Here we describe the variance-covariance matrix adjustment of coefficients.

## Introduction

To estimate the covariance matrix of coefficients, there are many ways. In mmrm package, we implemented asymptotic, empirical, Jackknife and Kenward-Roger methods. For simplicity, the following derivation are all for unweighted mmrm. For weighted mmrm, we can follow the details of weighted least square estimator.

### Asymptotic Covariance

Asymptotic covariance are derived based on the estimate of $$\beta$$.

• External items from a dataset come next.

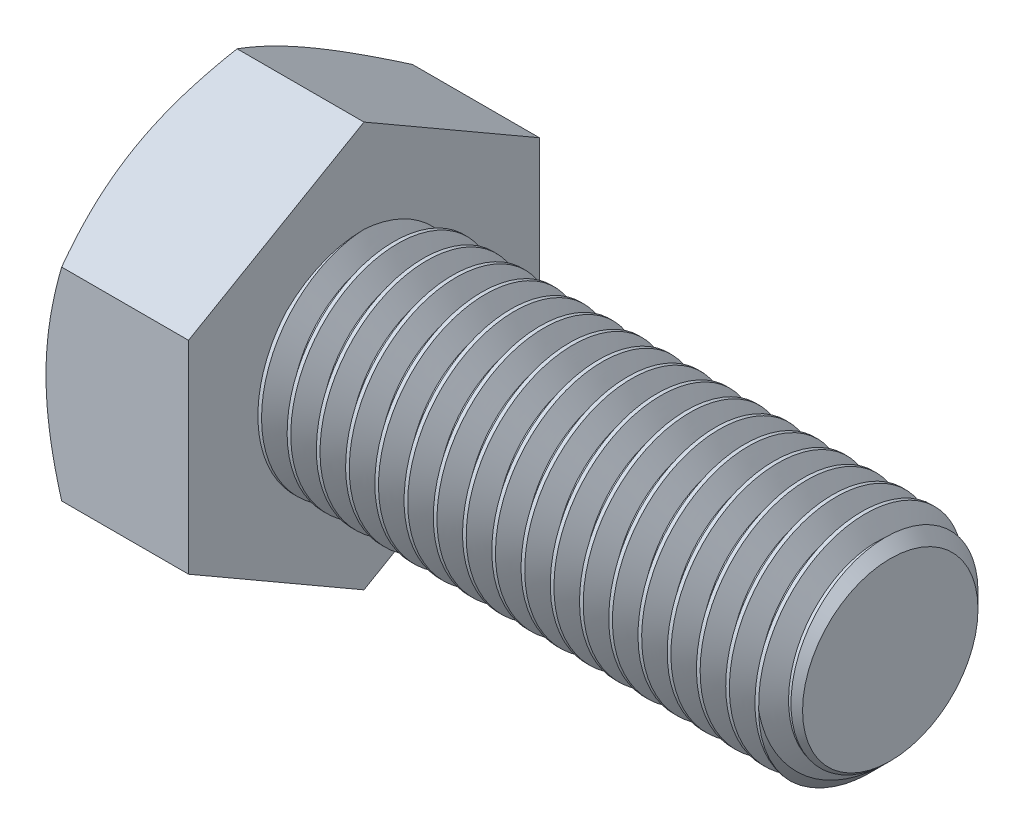
SolidWorks part; units mm, degrees
ref_plane "Front Plane" through (0, 0, 0) normal (0, 0, 1) x (1, 0, 0)
ref_plane "Top Plane" through (0, 0, 0) normal (0, 1, 0) x (1, 0, 0)
ref_plane "Right Plane" through (0, 0, 0) normal (1, 0, 0) x (0, 0, -1)
sketch "Sketch1" plane through (0, 0, 0) normal (0, 0, 1) x (1, 0, 0)
  line L0 (-12.1047, 0) -> (12.1047, 0) construction
  line L1 (12.1047, 3.9688) -> (12.1047, -3.9688) construction
  line L2 (-6.9453, 6.35) -> (-6.9453, -6.35) construction
  line L3 (-12.1047, 6.35) -> (-12.1047, -6.35) construction
  point P9 (-6.9453, 0)
  point P10 (8.4005, -3.9688)
  dimension "Screw Dia" = 7.9375
  dimension "Hex" = 12.7
  dimension "Head Ht" = 5.1594
  dimension "Screw Lenght" = 19.05
  dimension "D1" = 3.7042
ref_plane "Plane2" through (12.1047, 0, 0) normal (1, 0, 0) x (0, 0, -1)
sketch "Sketch5" plane through (12.1047, 0, 0) normal (1, 0, 0) x (0, 0, -1)
  circle A0 centre (0, 0) radius 3.9688
extrude "Boss-Extrude3" add sketch "Sketch5" against normal up to vertex (19.05 mm away) up to point (-6.9453, 0, 0)
sketch "Sketch9" plane through (12.1047, 0, 0) normal (1, 0, 0) x (0, 0, -1)
  circle A1 centre (0, 0) radius 3.9688
  circle A2 centre (0, 0) radius 3.9688
  dimension "D1" = 0
curve "Helix/Spiral1" pitch 1.0583 height 20.1083 turns 19 parameters "Pitch"=1.0583
chamfer "Chamfer1" distance 0.7937 angle 45 1 edges at (12.1047, 0, -3.9688)
sketch "Sketch10" plane through (0, 0, 0) normal (0, 0, 1) x (1, 0, 0)
  line L0 (12.1047, 3.9688) -> (12.5016, 3.2813)
  line L1 (12.5016, 3.2813) -> (12.6339, 3.2813)
  line L2 (12.6339, 3.2813) -> (13.0307, 3.9688)
  line L3 (12.1047, 3.9688) -> (13.0307, 3.9688)
  line L4 (12.5677, 3.9688) -> (12.5677, 3.2813) construction
  line L5 (12.3031, 3.625) -> (12.8323, 3.625) construction
  dimension "D1" = 60
  dimension "D2" = 0.1323
  dimension "D3" = 0.5292
sweep "Cut-Sweep1" cut profiles "Sketch10" path "Helix/Spiral1" align with end faces yes
sketch "Sketch6" plane through (-6.9453, 0, 0) normal (-1, 0, 0) x (0, 0, 1)
  line L0 (0, 6.35) -> (0, -6.35) construction
  line L1 (6.35, 3.6662) -> (0, 7.3323)
  line L2 (0, 7.3323) -> (-6.35, 3.6662)
  line L3 (-6.35, 3.6662) -> (-6.35, -3.6662)
  line L4 (-6.35, -3.6662) -> (0, -7.3323)
  line L5 (0, -7.3323) -> (6.35, -3.6662)
  line L6 (6.35, -3.6662) -> (6.35, 3.6662)
  circle A0 centre (0, 0) radius 6.35 construction
extrude "Boss-Extrude4" add sketch "Sketch6" along normal up to vertex (5.1594 mm away) up to point (-12.1047, -6.35, 0)
sketch "Sketch7" plane through (-12.1047, 0, 0) normal (-1, 0, 0) x (0, 0, 1)
  circle A0 centre (0, 0) radius 6.35 construction
  circle A1 centre (0, 0) radius 6.35
sketch "Sketch8" plane through (-12.1047, 0, 0) normal (-1, 0, 0) x (0, 0, 1)
  circle A0 centre (0, 0) radius 6.35 construction
  circle A1 centre (0, 0) radius 6.35
extrude "Cut-Extrude3" cut sketch "Sketch8" against normal through all draft 60 flip side to cut
equation "\"D2@Sketch10\" = \"Pitch@Helix/Spiral1\"*.125"
equation "\"D3@Sketch10\" = \"Pitch@Helix/Spiral1\"*.5"
equation "\"D3@Helix/Spiral1\" = \"Screw Lenght@Sketch1\"+\"Pitch@Helix/Spiral1\""
equation "\"D1@Chamfer1\" = \"Pitch@Helix/Spiral1\"*.75"
equation "\"D1@Sketch1\" = \"Pitch@Helix/Spiral1\"*3.5"

Following the definition in details in model fitting, we have

$\hat\beta = (X^\top W X)^{-1} X^\top W Y$

$cov(\hat\beta) = (X^\top W X)^{-1} X^\top W cov(\epsilon) W X (X^\top W X)^{-1} = (X^\top W X)^{-1}$

Where $$W$$ is the block diagonal matrix of inverse of covariance matrix of $$\epsilon$$.

### Empirical Covariance

Empirical covariance, also known as the robust sandwich estimator, or “CR0”, is derived by replacing the covariance matrix of $$\epsilon$$ by observed covariance matrix.

$cov(\hat\beta) = (X^\top W X)^{-1}(\sum_{i}{X_i^\top W_i \hat\epsilon_i\hat\epsilon_i^\top W_i X_i})(X^\top W X)^{-1} = (X^\top W X)^{-1}(\sum_{i}{X_i^\top L_{i} L_{i}^\top \hat\epsilon_i\hat\epsilon_i^\top L_{i} L_{i}^\top X_i})(X^\top W X)^{-1}$

Where $$W_i$$ is the block diagonal part for subject $$i$$ of $$W$$ matrix, $$\hat\epsilon_i$$ is the observed residuals for subject i, $$L_i$$ is the Cholesky factor of $$\Sigma_i^{-1}$$ ($$W_i = L_i L_i^\top$$).

See the detailed explanation of these formulas in the Weighted Least Square Empirical Covariance vignette.

### Jackknife Covariance

Jackknife method in mmrm is the “leave-one-cluster-out” method. It is also known as “CR3”. Following McCaffrey and Bell (2003), we have

$cov(\hat\beta) = (X^\top W X)^{-1}(\sum_{i}{X_i^\top L_{i} (I_{i} - H_{ii})^{-1} L_{i}^\top \hat\epsilon_i\hat\epsilon_i^\top L_{i} (I_{i} - H_{ii})^{-1} L_{i}^\top X_i})(X^\top W X)^{-1}$

where

$H_{ii} = X_i(X^\top X)^{-1}X_i^\top$

Please note that in the paper there is an additional scale parameter $$\frac{n-1}{n}$$ where $$n$$ is the number of subjects, here we do not include this parameter.

### Bias-Reduced Covariance

Bias-reduced method, also known as “CR2”, provides unbiased under correct working model. Following McCaffrey and Bell (2003), we have $cov(\hat\beta) = (X^\top W X)^{-1}(\sum_{i}{X_i^\top L_{i} (I_{i} - H_{ii})^{-1/2} L_{i}^\top \hat\epsilon_i\hat\epsilon_i^\top L_{i} (I_{i} - H_{ii})^{-1} L_{i}^\top X_i})(X^\top W X)^{-1}$

where

$H_{ii} = X_i(X^\top X)^{-1}X_i^\top$

### Kenward-Roger Covariance

Kenward-Roger covariance is an adjusted covariance matrix for small sample size. Details can be found in Kenward-Roger

McCaffrey, Daniel F, and Robert M Bell. 2003. “Bias Reduction in Standard Errors for Linear Regression with Multi-Stage Samples.” Quality Control and Applied Statistics 48 (6): 677–82.